The data may be useful for investigations of scholarly productivity, the correlates of scholarly productivity, and the contributions of particular individuals and institutions. Complete population data are presented for the top 26 doctoral programs, doctoral institutions other than R1 universities, the top liberal arts colleges, and other bachelor's institutions. Sample data are presented for Carnegie R1 universities (other than the top 26) and master's institutions.
USER NOTES
Please see our paper in Scholarly Assessment Reports, freely available at https://doi.org/10.29024/sar.36 , for full information about the data set and the methods used in its compilation. The section numbers used here refer to the Appendix of that paper. See the References, below, for other papers that have made use of these data.
The data file is a single Excel file with five worksheets: Sampling, Articles, Books, Individuals, and Departments. Each worksheet has a simple rectangular format, and the cells include just text and values—no formulas or links. A few general notes apply to all five worksheets.
• The yellow column headings represent institutional (departmental) data. The blue column headings represent data for individual faculty.
• iType is institution type, as described in section A.2—TopR (top research universities), R1 (other R1 universities), OD (other doctoral universities), M (master's institutions), TopLA (top liberal arts colleges), or B (other bachelor's institutions). nType provides the same information, but as a single-digit code that is more useful for sorting the rows; 1=TopR, 2=R1, 3=OD, 4=M, 5=TopLA, and 6=B.
• Inst is a four-digit institution code. The first digit corresponds to nType, and the last three digits allow for alphabetical sorting by institution name. Indiv is a one- or two-digit code that can be used to sort the individuals by name within each department. The Inst, nType, and Indiv codes are consistent across the five worksheets.
• For binary variables such as Full professor and Female, 1 indicates yes (full professor or female) and 0 indicates no (associate professor or male).
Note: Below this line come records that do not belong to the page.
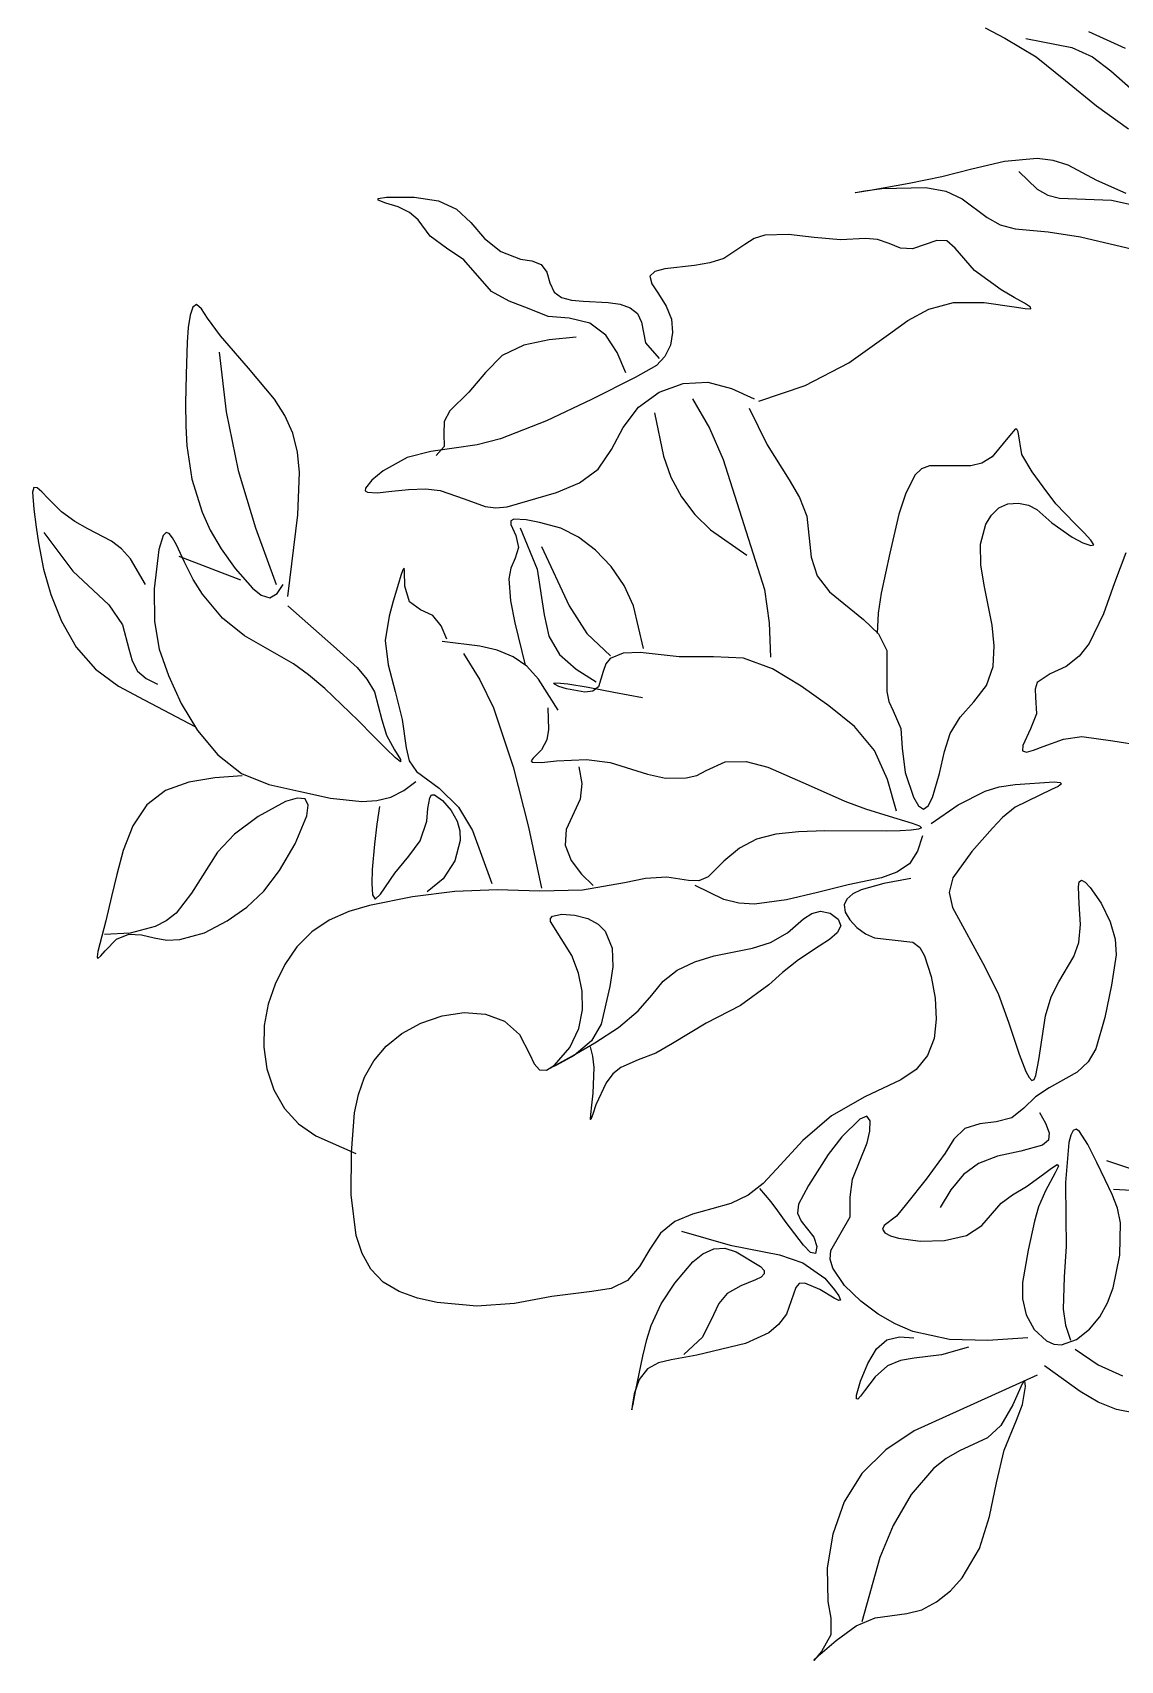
# Model space of a CAD drawing. Extents: x 1292 to 1769, y 219 to 688.
# Drawn here: x 1291.9 to 1404.6, y 380.3 to 549 of the extents above; entities that cross this region are included whole.
import ezdxf

# ---------------------------------------------------------------- set-up
doc = ezdxf.new("R2010")
doc.units = 0
doc.header["$LTSCALE"] = 0.9
doc.header["$MEASUREMENT"] = 0
doc.layers.add('3', color=3, linetype='CONTINUOUS')

msp = doc.modelspace()

# ---------------------------------------------------------------- linework, layer by layer
at = {"layer": '3', "extrusion": (0, 0, -1)}
for p, q in [((1390.59, 549.46), (1392.63, 548.39)), ((1392.63, 548.39), (1395.85, 546.43)), ((1394.8, 548.33), (1399.57, 547.42)), ((1405.12, 547.32), (1401.32, 549.03)), ((1399.57, 547.42), (1401.69, 546.44)), ((1395.85, 546.43), (1398.89, 544)), ((1401.69, 546.44), (1403.59, 545.01)), ((1403.59, 545.01), (1410.82, 538.61)), ((1398.89, 544), (1402.11, 541.38)), ((1402.11, 541.38), (1405.44, 538.98)), ((1389.2, 534.8), (1386.09, 534.01)), ((1392.57, 535.6), (1389.2, 534.8)), ((1395.97, 535.91), (1392.57, 535.6)), ((1397.61, 535.72), (1395.97, 535.91)), ((1399.17, 535.22), (1397.61, 535.72)), ((1402.13, 533.64), (1399.17, 535.22)), ((1382.7, 533.34), (1378.66, 532.61)), ((1386.09, 534.01), (1382.7, 533.34)), ((1405.18, 532.28), (1402.13, 533.64)), ((1377.1, 532.36), (1377.16, 532.4)), ((1377.35, 532.39), (1377.1, 532.36)), ((1377.16, 532.4), (1377.52, 532.47)), ((1378.66, 532.61), (1377.35, 532.39)), ((1377.52, 532.47), (1378.12, 532.58)), ((1378.12, 532.58), (1379.87, 532.81)), ((1379.87, 532.81), (1384.42, 532.91)), ((1384.42, 532.91), (1386.52, 532.52)), ((1386.52, 532.52), (1388.18, 531.74)), ((1388.18, 531.74), (1390.8, 529.8)), ((1390.8, 529.8), (1392.15, 529.05)), ((1392.15, 529.05), (1393.69, 528.63)), ((1393.69, 528.63), (1397.1, 528.3)), ((1397.1, 528.3), (1400.44, 527.78)), ((1400.44, 527.78), (1407.04, 526.25)), ((1342.43, 497.66), (1344.18, 493.37)), ((1305.46, 496.85), (1305, 495.39)), ((1305.75, 497.15), (1305.46, 496.85)), ((1306.07, 497.06), (1305.75, 497.15)), ((1306.42, 496.61), (1306.07, 497.06)), ((1306.81, 495.9), (1306.42, 496.61)), ((1307.65, 494.08), (1306.81, 495.9)), ((1305, 495.39), (1304.5, 491.31)), ((1308.55, 492.3), (1307.65, 494.08)), ((1344.18, 493.37), (1344.91, 488.65)), ((1304.5, 491.31), (1304.53, 487.93)), ((1309.52, 490.76), (1308.55, 492.3)), ((1311.6, 488.29), (1309.52, 490.76)), ((1318.37, 489.55), (1323.1, 485.4)), ((1304.53, 487.93), (1305.04, 485.07)), ((1313.87, 486.47), (1311.6, 488.29)), ((1344.91, 488.65), (1345.4, 486.41)), ((1316.27, 485.06), (1313.87, 486.47)), ((1345.4, 486.41), (1346.49, 484.53)), ((1305.04, 485.07), (1305.98, 482.34)), ((1318.93, 483.55), (1316.27, 485.06)), ((1323.1, 485.4), (1325.52, 483.17)), ((1336.54, 484.64), (1338.23, 481.89)), ((1346.49, 484.53), (1348.23, 483.01)), ((1320.48, 482.43), (1318.93, 483.55)), ((1322.18, 480.99), (1320.48, 482.43)), ((1325.52, 483.17), (1326.54, 481.96)), ((1348.23, 483.01), (1350.29, 481.69)), ((1305.98, 482.34), (1307.3, 479.46)), ((1325.64, 477.69), (1322.18, 480.99)), ((1326.54, 481.96), (1327.34, 480.67)), ((1338.23, 481.89), (1339.66, 479.01)), ((1307.3, 479.46), (1309, 476.64)), ((1327.34, 480.67), (1328.1, 477.76)), ((1339.66, 479.01), (1341.69, 472.88)), ((1327.2, 476.11), (1325.64, 477.69)), ((1328.1, 477.76), (1328.59, 476.17)), ((1309, 476.64), (1311.09, 474.13)), ((1328.52, 474.78), (1327.2, 476.11)), ((1328.59, 476.17), (1329.41, 474.65)), ((1311.09, 474.13), (1313.55, 472.21)), ((1329.5, 473.83), (1328.52, 474.78)), ((1329.41, 474.65), (1330.02, 473.64)), ((1330.03, 473.4), (1329.5, 473.83)), ((1330.02, 473.64), (1330.03, 473.4)), ((1341.69, 472.88), (1343.29, 466.62)), ((1348.49, 472.87), (1348.79, 471.17)), ((1313.55, 472.21), (1316.38, 471.07)), ((1316.38, 471.07), (1319.5, 470.36)), ((1330.37, 470.43), (1331.63, 471.38)), ((1348.79, 471.17), (1348.64, 469.52)), ((1319.5, 470.36), (1322.78, 469.65)), ((1322.78, 469.65), (1326.02, 469.28)), ((1326.02, 469.28), (1327.56, 469.38)), ((1327.56, 469.38), (1329.02, 469.74)), ((1329.02, 469.74), (1330.37, 470.43)), ((1348.64, 469.52), (1347.2, 466.39)), ((1343.29, 466.62), (1344.64, 460.32)), ((1347.2, 466.39), (1347.07, 464.78)), ((1384.1, 465.75), (1383.58, 464.14)), ((1347.07, 464.78), (1347.7, 463.18)), ((1383.58, 464.14), (1382.73, 462.84)), ((1347.7, 463.18), (1348.76, 461.76)), ((1382.73, 462.84), (1381.43, 461.97)), ((1348.76, 461.76), (1349.97, 460.59)), ((1363.51, 459.15), (1360.53, 460.59)), ((1376.38, 460.66), (1373.2, 459.88)), ((1379.83, 461.4), (1376.38, 460.66)), ((1381.43, 461.97), (1379.83, 461.4)), ((1365.07, 458.76), (1363.51, 459.15)), ((1370.02, 459.12), (1366.7, 458.67)), ((1373.2, 459.88), (1370.02, 459.12)), ((1366.7, 458.67), (1365.07, 458.76)), ((1396.22, 437.06), (1396.83, 435.97)), ((1377.6, 436.38), (1375.75, 434.54)), ((1378.32, 436.69), (1377.6, 436.38)), ((1378.66, 436.22), (1378.32, 436.69)), ((1378.63, 435.12), (1378.66, 436.22)), ((1396.83, 435.97), (1397.21, 434.98)), ((1399.68, 435.21), (1399.44, 434.73)), ((1399.99, 435.34), (1399.68, 435.21)), ((1400.36, 435.1), (1399.99, 435.34)), ((1375.75, 434.54), (1374.32, 432.73)), ((1376.84, 430.16), (1378.37, 433.94)), ((1378.37, 433.94), (1378.63, 435.12)), ((1396.51, 433.67), (1394.26, 433.07)), ((1397.13, 434.2), (1396.51, 433.67)), ((1397.21, 434.98), (1397.13, 434.2)), ((1399.25, 433.98), (1398.91, 429.81)), ((1399.44, 434.73), (1399.25, 433.98)), ((1401.22, 433.77), (1400.36, 435.1)), ((1402.14, 431.89), (1401.22, 433.77)), ((1374.32, 432.73), (1372.27, 429.5)), ((1386.44, 432.87), (1384.47, 430.15)), ((1389.9, 431.79), (1388.32, 430.64)), ((1391.86, 432.56), (1389.9, 431.79)), ((1394.26, 433.07), (1391.86, 432.56)), ((1403.02, 430.09), (1402.14, 431.89)), ((1376.58, 428.3), (1376.84, 430.16)), ((1384.47, 430.15), (1382.44, 427.6)), ((1388.32, 430.64), (1387.04, 429.06)), ((1394.86, 429.42), (1396.61, 430.67)), ((1396.61, 430.67), (1397.46, 431.31)), ((1397.84, 430.82), (1396.82, 428.95)), ((1397.46, 431.31), (1398.05, 431.67)), ((1398.17, 431.51), (1397.84, 430.82)), ((1398.05, 431.67), (1398.17, 431.51)), ((1403.74, 428.58), (1403.02, 430.09)), ((1368.41, 427.81), (1367.24, 429.2)), ((1372.27, 429.5), (1371.25, 427.58)), ((1387.04, 429.06), (1385.91, 427.24)), ((1392.25, 427.68), (1393.42, 428.53)), ((1393.42, 428.53), (1394.86, 429.42)), ((1396.82, 428.95), (1396.12, 427.3)), ((1398.91, 429.81), (1398.93, 426.22)), ((1404.28, 427.16), (1403.74, 428.58)), ((1369.12, 426.87), (1368.41, 427.81)), ((1369.96, 425.69), (1369.12, 426.87)), ((1371.25, 427.58), (1371.14, 426.65)), ((1376.58, 426.27), (1376.58, 428.3)), ((1382.44, 427.6), (1381.39, 426.34)), ((1390.24, 425.35), (1392.25, 427.68)), ((1396.12, 427.3), (1395.68, 425.81)), ((1404.58, 425.64), (1404.28, 427.16)), ((1371.75, 423.31), (1369.96, 425.69)), ((1371.14, 426.65), (1371.51, 425.81)), ((1371.51, 425.81), (1372.82, 424.17)), ((1374.59, 422.76), (1376.58, 426.27)), ((1380.11, 425.38), (1379.95, 424.98)), ((1381.39, 426.34), (1380.11, 425.38)), ((1388.65, 424.34), (1390.24, 425.35)), ((1395.68, 425.81), (1395.02, 422.81)), ((1398.93, 426.22), (1398.97, 423.2)), ((1404.54, 422.29), (1404.58, 425.64)), ((1372.82, 424.17), (1373.15, 423.19)), ((1379.95, 424.98), (1380.19, 424.62)), ((1380.19, 424.62), (1380.76, 424.3)), ((1380.76, 424.3), (1381.61, 424.05)), ((1381.61, 424.05), (1383.85, 423.75)), ((1383.85, 423.75), (1386.37, 423.82)), ((1386.37, 423.82), (1388.65, 424.34)), ((1372.49, 422.57), (1371.75, 423.31)), ((1372.99, 422.47), (1372.49, 422.57)), ((1373.15, 423.19), (1372.99, 422.47)), ((1374.54, 421.87), (1374.59, 422.76)), ((1374.8, 420.96), (1374.54, 421.87)), ((1395.02, 422.81), (1394.44, 419.46)), ((1398.97, 423.2), (1398.75, 420.04)), ((1403.85, 418.92), (1404.54, 422.29)), ((1376.02, 419.16), (1374.8, 420.96)), ((1398.75, 420.04), (1398.65, 416.69)), ((1377.71, 417.53), (1376.02, 419.16)), ((1394.44, 419.46), (1394.45, 417.76)), ((1403.26, 417.34), (1403.85, 418.92)), ((1379.48, 416.19), (1377.71, 417.53)), ((1394.45, 417.76), (1394.81, 416.12)), ((1398.65, 416.69), (1398.9, 415.05)), ((1402.45, 415.89), (1403.26, 417.34)), ((1381.26, 415.16), (1379.48, 416.19)), ((1383.08, 414.39), (1381.26, 415.16)), ((1394.81, 416.12), (1395.65, 414.59)), ((1398.9, 415.05), (1399.41, 413.48)), ((1401.38, 414.62), (1402.45, 415.89)), ((1379.34, 412.58), (1380.41, 413.51)), ((1380.41, 413.51), (1381.72, 413.82)), ((1381.72, 413.82), (1383.2, 413.73)), ((1386.87, 413.56), (1383.08, 414.39)), ((1390.87, 413.46), (1386.87, 413.56)), ((1394.99, 413.73), (1390.87, 413.46)), ((1395.65, 414.59), (1396.94, 413.4)), ((1396.94, 413.4), (1397.68, 413.07)), ((1398.47, 413), (1400.03, 413.56)), ((1400.03, 413.56), (1401.38, 414.62)), ((1378.41, 411.06), (1379.34, 412.58)), ((1383.23, 411.61), (1381.82, 411.39)), ((1386.06, 411.96), (1383.23, 411.61)), ((1388.85, 412.75), (1386.06, 411.96)), ((1397.68, 413.07), (1398.47, 413)), ((1377.67, 409.24), (1378.41, 411.06)), ((1380.46, 410.81), (1379.17, 409.67)), ((1381.82, 411.39), (1380.46, 410.81)), ((1400.41, 408.15), (1396.71, 410.84)), ((1377.27, 407.79), (1377.67, 409.24)), ((1378.07, 408.24), (1377.66, 407.68)), ((1379.17, 409.67), (1378.07, 408.24)), ((1377.25, 407.41), (1377.27, 407.79)), ((1377.38, 407.37), (1377.25, 407.41)), ((1377.66, 407.68), (1377.38, 407.37)), ((1402.28, 407.07), (1400.41, 408.15)), ((1404.18, 406.29), (1402.28, 407.07)), ((1406.12, 405.93), (1404.18, 406.29))]:
    msp.add_line(p, q, dxfattribs=at)
at = {"layer": '3'}
for p, q in [((1394.07, 534.58), (1395.97, 532.72)), ((1327.7, 531.58), (1327.72, 531.78)), ((1328.52, 531.3), (1327.7, 531.58)), ((1327.72, 531.78), (1328.58, 531.91)), ((1329.77, 530.89), (1328.52, 531.3)), ((1328.58, 531.91), (1331.44, 531.92)), ((1331.44, 531.92), (1333.97, 531.52)), ((1333.97, 531.52), (1335.82, 530.66)), ((1395.97, 532.72), (1397.06, 532.12)), ((1397.06, 532.12), (1398.27, 531.8)), ((1398.27, 531.8), (1403.68, 531.58)), ((1403.68, 531.58), (1406.31, 531.02)), ((1330.97, 530.31), (1329.77, 530.89)), ((1331.85, 529.55), (1330.97, 530.31)), ((1335.82, 530.66), (1337.3, 529.28)), ((1333.11, 527.87), (1331.85, 529.55)), ((1337.3, 529.28), (1338.74, 527.64)), ((1367.76, 527.97), (1366.67, 527.62)), ((1370.21, 528.05), (1367.76, 527.97)), ((1372.87, 527.72), (1370.21, 528.05)), ((1334.78, 526.62), (1333.11, 527.87)), ((1336.6, 525.41), (1334.78, 526.62)), ((1338.74, 527.64), (1340.41, 526.27)), ((1340.41, 526.27), (1342.47, 525.49)), ((1365.68, 527), (1363.53, 525.55)), ((1366.67, 527.62), (1365.68, 527)), ((1375.58, 527.47), (1372.87, 527.72)), ((1378.19, 527.62), (1375.58, 527.47)), ((1379.43, 527.53), (1378.19, 527.62)), ((1380.62, 527.1), (1379.43, 527.53)), ((1381.81, 526.62), (1380.62, 527.1)), ((1383.07, 526.55), (1381.81, 526.62)), ((1385.59, 527.43), (1383.07, 526.55)), ((1386.62, 527.37), (1385.59, 527.43)), ((1387.47, 526.62), (1386.62, 527.37)), ((1389.47, 524.3), (1387.47, 526.62)), ((1339.46, 522.15), (1336.6, 525.41)), ((1342.47, 525.49), (1343.63, 525.3)), ((1343.63, 525.3), (1344.6, 524.94)), ((1344.6, 524.94), (1345.17, 524.12)), ((1360.46, 524.83), (1357.41, 524.49)), ((1362.08, 525.09), (1360.46, 524.83)), ((1363.53, 525.55), (1362.08, 525.09)), ((1345.17, 524.12), (1345.49, 523.03)), ((1345.49, 523.03), (1345.93, 522.08)), ((1356.36, 524.21), (1355.85, 523.73)), ((1355.85, 523.73), (1356.05, 522.94)), ((1356.05, 522.94), (1356.74, 521.88)), ((1357.41, 524.49), (1356.36, 524.21)), ((1392.24, 522.29), (1389.47, 524.3)), ((1341.29, 521.12), (1339.46, 522.15)), ((1345.93, 522.08), (1346.69, 521.51)), ((1346.69, 521.51), (1347.72, 521.23)), ((1347.72, 521.23), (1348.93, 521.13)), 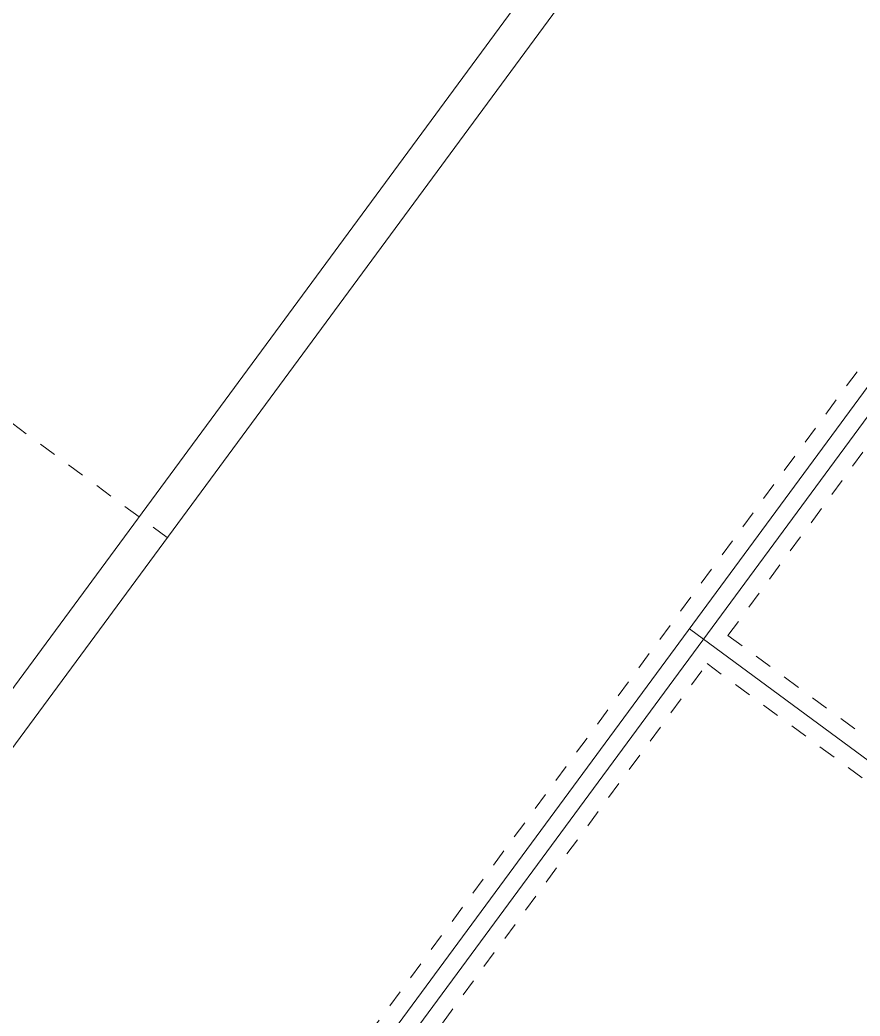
# Model space of a CAD drawing. Header units: metres. Extents: x 432095 to 435012, y 2470938 to 2473256.
# Drawn here: x 433758.08 to 433762.88, y 2471296.7 to 2471302.39 of the extents above; entities that cross this region are included whole.
import ezdxf
from ezdxf.lldxf.tags import DXFTag

# ---------------------------------------------------------------- set-up
doc = ezdxf.new("R2010")
doc.units = ezdxf.units.M
doc.header["$MEASUREMENT"] = 0
for name, pattern in [('MB D$0$DASHDOT', [1, 0.5, -0.25, 0, -0.25]), ('MB D$0$DASHED2', [0.375, 0.25, -0.125]), ('MB D$0$HIDDEN', [0.375, 0.25, -0.125])]:
    doc.linetypes.add(name, pattern=pattern)
doc.layers.add('cong trinh tram 110kv', color=7, linetype='Continuous', lineweight=5)
doc.layers.add('MB D$0$net dut du kien lam', color=8, linetype='MB D$0$HIDDEN', lineweight=20)
tags = doc.linetypes.add('MB D$0$ACAD_ISO04W100', pattern=[30, 24, -3, 0, -3]).pattern_tags.tags
tags[10:11] = [DXFTag(74, 4), DXFTag(75, 0), DXFTag(340, '0'), DXFTag(46, 1.0), DXFTag(50, 0.0), DXFTag(44, 0.0), DXFTag(45, 0.0)]
tags[8:9] = [DXFTag(74, 4), DXFTag(75, 0), DXFTag(340, '0'), DXFTag(46, 1.0), DXFTag(50, 0.0), DXFTag(44, 0.0), DXFTag(45, 0.0)]
tags[6:7] = [DXFTag(74, 4), DXFTag(75, 0), DXFTag(340, '0'), DXFTag(46, 1.0), DXFTag(50, 0.0), DXFTag(44, 0.0), DXFTag(45, 0.0)]
tags[4:5] = [DXFTag(74, 4), DXFTag(75, 0), DXFTag(340, '0'), DXFTag(46, 1.0), DXFTag(50, 0.0), DXFTag(44, 0.0), DXFTag(45, 0.0)]

# ---------------------------------------------------------------- blocks, each defined once
blk = doc.blocks.new('MB D$0$MBA 63')
at = {"layer": 'MB D$0$net dut du kien lam', "color": 8, "linetype": 'MB D$0$DASHDOT', "ltscale": 0.5}
blk.add_line((102388.6, 36012.3), (102388.6, 25012.3), dxfattribs=at)
at = {"layer": 'MB D$0$net dut du kien lam', "color": 0, "linetype": 'ByBlock', "ltscale": 3}
for points in [[(106699.6, 25012.3), (106699.6, 36012.3), (98099.6, 36012.3), (98099.6, 25012.3)], [(106499.6, 25212.3), (106499.6, 35812.3), (98299.6, 35812.3), (98299.6, 25212.3)]]:
    blk.add_lwpolyline(points, close=True, dxfattribs=at)
blk = doc.blocks.new('MB D$0$be dau su co1')
at = {"layer": 'cong trinh tram 110kv', "linetype": 'MB D$0$ACAD_ISO04W100', "ltscale": 200}
for p, q in [((2750, -100), (2750, 4600)), ((-100, 0), (5600, 0))]:
    blk.add_line(p, q, dxfattribs=at)
at = {"layer": 'cong trinh tram 110kv', "linetype": 'MB D$0$DASHED2', "ltscale": 100}
for p, q in [((2850, 100), (2850, 2850)), ((2650, 100), (2650, 1650)), ((100, 100), (2650, 100)), ((2850, 100), (5400, 100)), ((-200, -200), (5700, -200))]:
    blk.add_line(p, q, dxfattribs=at)
at = {"layer": 'cong trinh tram 110kv', "ltscale": 3}
blk.add_line((-100, -100), (5600, -100), dxfattribs=at)

msp = doc.modelspace()

# ---------------------------------------------------------------- block references
at = {"layer": 'cong trinh tram 110kv', "yscale": 0.00100000003283925, "zscale": 0.001, "rotation": 233.6153637256497}
for name, p, xscale in [('MB D$0$MBA 63', (433790.6662, 2471403.2202), 0.001000000045165598), ('MB D$0$be dau su co1', (433760.3528, 2471296.6352), -0.001000000045165598)]:
    msp.add_blockref(name, p, dxfattribs=dict(at, xscale=xscale))

doc.saveas('drawing.dxf')

The five worksheets represent five distinct stages in the data compilation process. First, the Sampling worksheet lists the 1,530 base-population institutions (see section A.3) and presents the characteristics of the faculty included in the data file. Each row with an entry in the Individual column represents a faculty member at one of the 426 institutions included in the data set. Each row without an entry in the Individual column represents an institution that either (a) did not meet the criteria for inclusion (section A.1) or (b) was not needed to attain the desired sample size for the R1 or M groups (section A.3).
The Articles worksheet includes the data compiled from SocINDEX, as described in section A.6. Each row with an entry in the Journal column represents an article written by one of the 2,132 faculty included in the data. Each row without an entry in the Journal column represents a faculty member without any article listings in SocINDEX for the 2013–2017 period. (Note that SocINDEX items other than peer-reviewed articles—editorials, letters, etc.—may be listed in the Journal column but assigned a value of 1 in the Excluded column and a value of 0 in the Article credit and HI article credit columns. We assigned no credit for items such as editorial and letters, but other researchers may wish to include them.) The N and i columns represent, for each article, the number of authors (N) and the faculty member's place in the byline (i), as described in section A.8. The CiteScore and Highest percentile columns were used to identify high-impact journals, as indicated in the HI journal column. The Article credit and HI article credit columns are article counts, adjusted for co-authorship.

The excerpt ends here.